W zamierzeniu miała to być galaretka, a wyszła… galaretka półpłynna. Rzecz w tym, jak sądzę, że pamiętając doświadczenia zeszłoroczne i przesłodzony dżem, zredukowałam cukier zgodnie ze swoimi kubkami smakowymi, i nie zżelowało się, jak trzeba. Niemniej, na chlebie porzeczkowy żelik się utrzymuje, byle nie przesadzić z ilością, a na polewy, glazury czy masy do przekładania ciast konsystencja jest wręcz idealna, więc nie narzekam. No i smak, i kolor… Przepis oryginalnie (przed redukcją cukru + inna ilość owoców) znalazłam na tej stronie. Ja przetarłam owoce, więc galaretka nie jest idealnie klarowna, ale nie zależało mi na tym.

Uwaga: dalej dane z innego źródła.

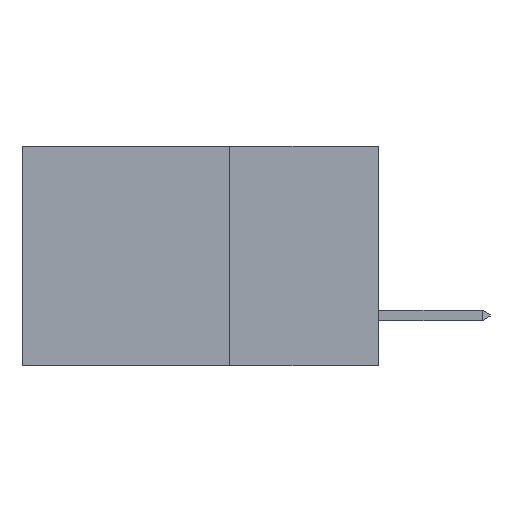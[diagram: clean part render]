
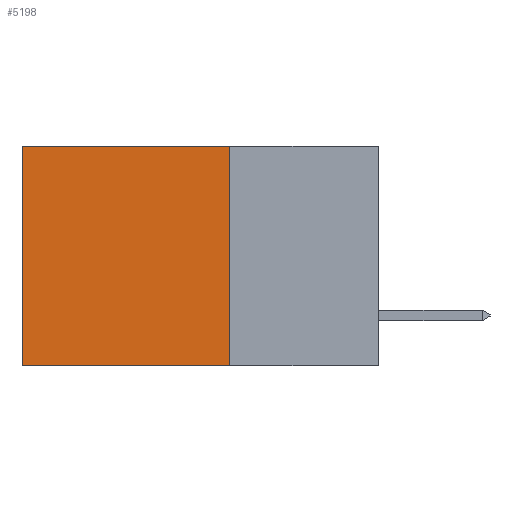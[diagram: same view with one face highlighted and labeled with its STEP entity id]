
A CAD part, left-side view. The second image highlights one B-rep face of the part: STEP entity #5198.
In plain terms, the highlighted planar face has unit normal (-1, 0, 0).
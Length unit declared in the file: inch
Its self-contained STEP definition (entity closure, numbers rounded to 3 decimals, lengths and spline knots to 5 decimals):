
#169 = VERTEX_POINT ( 'NONE', #10620 ) ;
#592 = VECTOR ( 'NONE', #9462, 39.37008 ) ;
#853 = ORIENTED_EDGE ( 'NONE', *, *, #12830, .F. ) ;
#903 = DIRECTION ( 'NONE',  ( 0., 0., -1. ) ) ;
#2816 = VECTOR ( 'NONE', #16911, 39.37008 ) ;
#3637 = CARTESIAN_POINT ( 'NONE',  ( 0.298, 0.6, 0. ) ) ;
#5198 = ADVANCED_FACE ( 'NONE', ( #10160 ), #14716, .F. ) ;
#6346 = EDGE_CURVE ( 'NONE', #11329, #10874, #21447, .T. ) ;
#6436 = ORIENTED_EDGE ( 'NONE', *, *, #6346, .F. ) ;
#7339 = LINE ( 'NONE', #15684, #20699 ) ;
#8468 = VECTOR ( 'NONE', #13775, 39.37008 ) ;
#9462 = DIRECTION ( 'NONE',  ( 0., 1., 0. ) ) ;
#10105 = LINE ( 'NONE', #19852, #592 ) ;
#10160 = FACE_OUTER_BOUND ( 'NONE', #21833, .T. ) ;
#10182 = AXIS2_PLACEMENT_3D ( 'NONE', #17972, #16568, #903 ) ;
#10254 = CARTESIAN_POINT ( 'NONE',  ( 0.298, 0.6, 0. ) ) ;
#10620 = CARTESIAN_POINT ( 'NONE',  ( 0.298, 0.6, -0.37 ) ) ;
#10874 = VERTEX_POINT ( 'NONE', #11674 ) ;
#11329 = VERTEX_POINT ( 'NONE', #18608 ) ;
#11674 = CARTESIAN_POINT ( 'NONE',  ( 0.298, 0.25, -0.37 ) ) ;
#12774 = EDGE_CURVE ( 'NONE', #16030, #169, #22289, .T. ) ;
#12830 = EDGE_CURVE ( 'NONE', #10874, #169, #7339, .T. ) ;
#12947 = ORIENTED_EDGE ( 'NONE', *, *, #12774, .T. ) ;
#13775 = DIRECTION ( 'NONE',  ( 0., 0., -1. ) ) ;
#14608 = EDGE_CURVE ( 'NONE', #11329, #16030, #10105, .T. ) ;
#14716 = PLANE ( 'NONE',  #10182 ) ;
#15153 = CARTESIAN_POINT ( 'NONE',  ( 0.298, 0.25, 0. ) ) ;
#15684 = CARTESIAN_POINT ( 'NONE',  ( 0.298, 0.25, -0.37 ) ) ;
#16030 = VERTEX_POINT ( 'NONE', #3637 ) ;
#16568 = DIRECTION ( 'NONE',  ( 1., 0., 0. ) ) ;
#16911 = DIRECTION ( 'NONE',  ( 0., 0., -1. ) ) ;
#17972 = CARTESIAN_POINT ( 'NONE',  ( 0.298, 0.25, 0. ) ) ;
#18608 = CARTESIAN_POINT ( 'NONE',  ( 0.298, 0.25, 0. ) ) ;
#19852 = CARTESIAN_POINT ( 'NONE',  ( 0.298, 0.25, 0. ) ) ;
#20699 = VECTOR ( 'NONE', #20815, 39.37008 ) ;
#20815 = DIRECTION ( 'NONE',  ( 0., 1., 0. ) ) ;
#21447 = LINE ( 'NONE', #15153, #2816 ) ;
#21833 = EDGE_LOOP ( 'NONE', ( #12947, #853, #6436, #22652 ) ) ;
#22289 = LINE ( 'NONE', #10254, #8468 ) ;
#22652 = ORIENTED_EDGE ( 'NONE', *, *, #14608, .T. ) ;

Składniki: 1 kg czerwonych porzeczek, umytych, przebranych, bez gałązek, 300g cukru, ew. trochę soku z cytryny, wyparzone słoiki
Porzeczki umieścić w rondlu z ok. 50ml wody, gotować 8 minut na średnim ogniu. Zdjąć z ognia, rozgnieść owoce łyżką/rozdrabniaczem. Przecedzić i przetrzeć przez drobne sitko. Umieścić ponownie w rondlu, wraz z cukrem, zamieszać, zagotować, gotować ok. 20-30 minut na niewielkim ogniu. Pod koniec gotowania można dać odrobinę soku z cytryny. Zdjąć z kuchenki, ew. odszumować i przelewać do gorących, wyparzonych słoików (u mnie także denka przetarte od wewnątrz alkoholem). Pasteryzować 10 minut.
Wspomniałam o glazurze; wykorzystałam galaretkę do udekorowania tarty z czerwonych porzeczek, zamiast dżemu morelowego (z racji konsystencji już go nie podgrzewałam). Tak, jestem nudna: to kolejny wariant rustykalnej tarty Bajaderki.